Members of the Supreme Court seemed skeptical last Wednesday when asked to establish a new constitutional rule prohibiting the use of unreliable eyewitness testimony at criminal trials. Under existing law, unreliable eyewitness testimony is excludable only when the source of unreliability stems from police misconduct. In Perry v. New Hampshire, Public Defender Richard Guerriero argued that the Court should establish a new constitutional standard whereby judges must exclude eyewitness testimony whenever the circumstances surrounding a defendant’s identification imply that she is guilty. Guerriero’s rule would apply whether or not police are responsible for the suggestive circumstances.
Justices’ skepticism was two-pronged. First, several justices questioned Guerriero’s assertion that existing rules of evidence were insufficient to screen for unreliable evidence. “What is the difference between what you are asking for and what already exists in the law?” Justice Breyer asked. Under Federal Rule of Evidence 403, Breyer noted, a judge may exclude evidence that she thinks is unduly prejudicial or misleading. Justice Ginsburg pointed to other safeguards: “You can ask the judge to tell the jury: ‘Be careful; eyewitness testimony is often unreliable.’ You can point that out in cross-examination.” The necessity for a new rule, these justices posited, was dubious.
Other justices criticized Guerriero’s proposed rule as excessively narrow. “What is magic about suggestiveness as opposed to all of the other matters that could cause eyewitness identification to be wrong?” Justice Scalia pondered. Guerriero’s rule would exclude a witness’s identification only when given under circumstances suggestive of a defendant’ guilt. If the witness’s identification was unreliable for some other reason – because the witness was standing far away from the crime scene such that she could not see the culprit clearly – the evidence would be admissible.

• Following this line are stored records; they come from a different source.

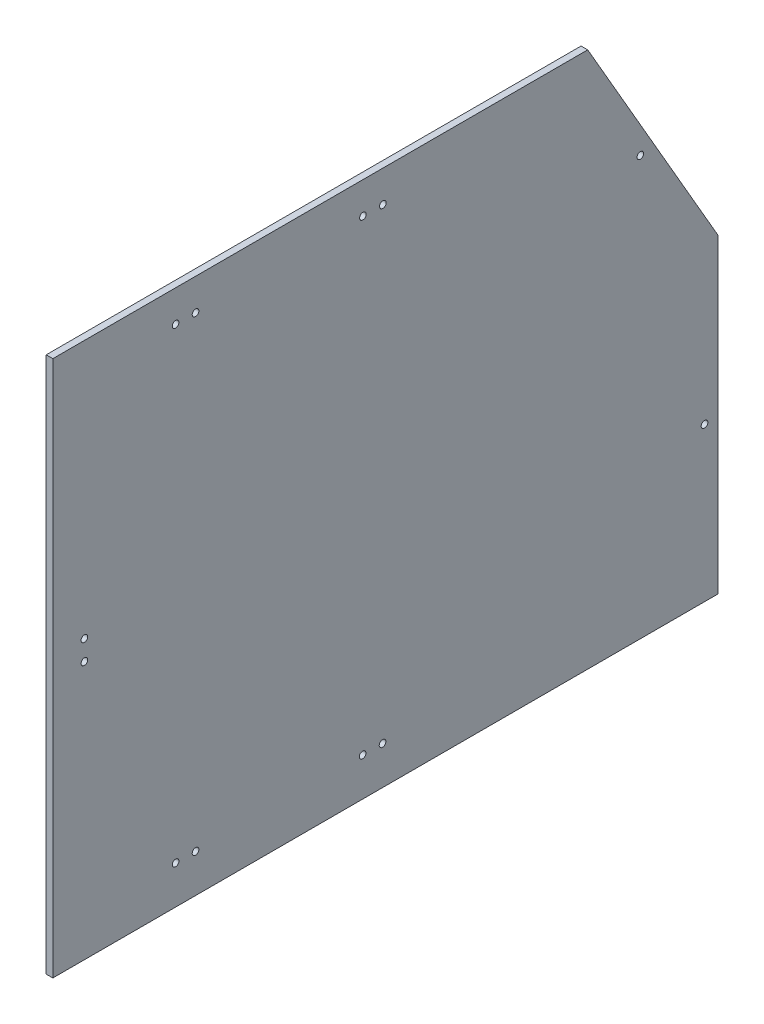
SolidWorks part; units mm, degrees
ref_plane "Front Plane" through (0, 0, 0) normal (0, 0, 1) x (1, 0, 0)
ref_plane "Top Plane" through (0, 0, 0) normal (0, 1, 0) x (1, 0, 0)
ref_plane "Right Plane" through (0, 0, 0) normal (1, 0, 0) x (0, 0, -1)
sketch "Sketch1" plane through (0, 0, 0) normal (1, 0, 0) x (0, 0, -1)
  line L0 (-213.2484, 113.1802) -> (-213.2484, -128.7898)
  line L1 (-213.2484, -128.7898) -> (86.7516, -128.7898)
  line L2 (86.7516, -128.7898) -> (86.7516, 11.5102)
  line L3 (86.7516, 11.5102) -> (28.0524, 113.1802)
  line L4 (28.0524, 113.1802) -> (-213.2484, 113.1802)
  line L5 (86.7516, 11.5102) -> (86.7516, 156.8494) construction
  dimension "D1" = 241.97
  dimension "D2" = 300
  dimension "D3" = 330
  dimension "D4" = 140.3
  dimension "D5" = 117.3984
extrude "Boss-Extrude1" add sketch "Sketch1" along normal blind 3
sketch "Sketch2" plane through (3, 0, 0) normal (1, 0, 0) x (0, 0, -1)
  line L0 (28.0524, 113.1802) -> (-213.2484, 113.1802)
  line L1 (-213.2484, 113.1802) -> (-213.2484, -128.7898)
  line L2 (-213.2484, -128.7898) -> (86.7516, -128.7898)
  line L3 (86.7516, -128.7898) -> (86.7516, 11.5102)
  line L4 (86.7516, 11.5102) -> (28.0524, 113.1802)
  line L5 (-63.5022, -105.7898) -> (-74.5022, -105.7898)
  line L6 (-76.5022, -107.7898) -> (-76.5022, -122.7898)
  line L7 (-76.5022, -122.7898) -> (-61.5022, -122.7898)
  line L8 (-61.5022, -122.7898) -> (-61.5022, -107.7898)
  line L9 (-147.8671, -105.7898) -> (-158.8671, -105.7898)
  line L10 (-160.8671, -107.7898) -> (-160.8671, -122.7898)
  line L11 (-160.8671, -122.7898) -> (-145.8671, -122.7898)
  line L12 (-145.8671, -122.7898) -> (-145.8671, -107.7898)
  line L13 (-153.3671, -105.7898) -> (-153.3671, -125.0598) construction
  line L14 (-76.5022, -107.7898) -> (-76.5022, -122.7898)
  line L15 (-63.5022, -105.7898) -> (-74.5022, -105.7898)
  line L16 (-76.5022, -122.7898) -> (-61.5022, -122.7898)
  line L17 (-61.5022, -122.7898) -> (-61.5022, -107.7898)
  line L18 (28.0524, 113.1802) -> (-213.2484, 113.1802)
  line L19 (-213.2484, 113.1802) -> (-213.2484, -128.7898)
  line L20 (-213.2484, -128.7898) -> (86.7516, -128.7898)
  line L21 (86.7516, -128.7898) -> (86.7516, 11.5102)
  line L22 (86.7516, 11.5102) -> (28.0524, 113.1802)
  line L23 (28.0524, 113.1802) -> (-213.2484, 113.1802)
  line L24 (-213.2484, 113.1802) -> (-213.2484, -128.7898)
  line L25 (-213.2484, -128.7898) -> (86.7516, -128.7898)
  line L26 (86.7516, -128.7898) -> (86.7516, 11.5102)
  line L27 (86.7516, 11.5102) -> (28.0524, 113.1802)
  line L28 (-153.3671, -122.7898) -> (-153.3671, -128.7898)
  line L29 (-210.6234, -15.3048) -> (-192.2484, -15.3048)
  line L30 (-192.2484, -0.3048) -> (-210.6234, -0.3048)
  line L31 (-190.2484, -13.3048) -> (-190.2484, -2.3048)
  line L32 (-210.6234, -7.8048) -> (-213.2484, -7.8048)
  line L33 (-210.6234, -0.3048) -> (-210.6234, -15.3048)
  line L34 (-213.2484, -7.8048) -> (93.9942, -7.8048) construction
  arc A0 (-74.5022, -105.7898) -> (-76.5022, -107.7898) centre (-74.5022, -107.7898) ccw
  arc A1 (-61.5022, -107.7898) -> (-63.5022, -105.7898) centre (-63.5022, -107.7898) ccw
  arc A2 (-158.8671, -105.7898) -> (-160.8671, -107.7898) centre (-158.8671, -107.7898) ccw
  arc A3 (-145.8671, -107.7898) -> (-147.8671, -105.7898) centre (-147.8671, -107.7898) ccw
  circle A4 centre (-157.8671, -111.5369) radius 1.5
  circle A5 centre (-64.3549, 98.9272) radius 1.5
  circle A6 centre (-73.3549, 98.9272) radius 1.5
  circle A7 centre (-148.8671, 98.9272) radius 1.5
  circle A8 centre (-157.8671, 98.9272) radius 1.5
  circle A9 centre (-148.8671, -111.5369) radius 1.5
  arc A10 (-61.5022, -107.7898) -> (-63.5022, -105.7898) centre (-63.5022, -107.7898) ccw
  circle A11 centre (-64.5022, -111.5369) radius 1.5
  circle A12 centre (-73.5022, -111.5369) radius 1.5
  arc A13 (-74.5022, -105.7898) -> (-76.5022, -107.7898) centre (-74.5022, -107.7898) ccw
  circle A14 centre (-198.9955, -3.3048) radius 1.5
  arc A15 (-190.2484, -2.3048) -> (-192.2484, -0.3048) centre (-192.2484, -2.3048) ccw
  circle A16 centre (-198.9955, -12.3048) radius 1.5
  arc A17 (-192.2484, -15.3048) -> (-190.2484, -13.3048) centre (-192.2484, -13.3048) ccw
  dimension "D1" = 0
extrude "Cut-Extrude1" cut sketch "Sketch2" against normal blind 10 contours A4 | A9 | A12 | A11 | A5 | A6 | A7 | A8 | A14 | A16
sketch "Sketch3" plane through (3, 0, 0) normal (1, 0, 0) x (0, 0, -1)
  line L0 (86.7516, 11.5102) -> (28.0524, 113.1802) construction
  line L1 (86.7516, 11.5102) -> (28.0524, 113.1802)
  line L2 (86.7516, -128.7898) -> (86.7516, 11.5102) construction
  line L3 (86.7516, -128.7898) -> (86.7516, 11.5102)
  line L4 (80.7516, -128.7898) -> (80.7516, 9.9025)
  line L5 (80.7516, 9.9025) -> (22.8562, 110.1802)
  circle A0 centre (-198.9955, -3.3048) radius 1.5 construction
  circle A1 centre (-198.9955, -3.3048) radius 1.5
  circle A2 centre (51.8039, 60.0413) radius 1.5
  circle A3 centre (80.7516, -59.4437) radius 1.5
  dimension "D1" = 6
extrude "Cut-Extrude2" cut sketch "Sketch3" against normal blind 10 contours L4 A3 | L4 A3 | L5 A2 | L5 A2

Justice Scalia also questioned why Guerriero’s rule would apply only to eyewitness testimony given under suggestive circumstances. “Let’s say . . . that the killer had left a message on the . . . phone and the police in some manner create suggestiveness that causes a witness to identify that as the voice of the killer. You really think that we would say, well, this is not eyewitness testimony; eyewitness testimony creates a special risk?” Guerriero suggested that his rule followed from Court precedent, in which the justices have said that eyewitness testimony is special. “[W]e don’t mean it,” Scalia quipped.
In many ways, Guerriero’s argument proved too much. If the Constitution requires the exclusion of unreliable evidence, the criminal justice system would be turned on its head. A host of unreliable evidence is admitted at every trial, yet we as a society are comfortable with it, because we trust jurors’ ability to gauge the dependability of what is presented to them. Once we begin questioning our faith in juries – even if that skepticism is merited – the foundation of the justice system begins to crumble. The justices seem to be willing to preserve the myth of juror competence – at least in the near term – lest the system fall apart.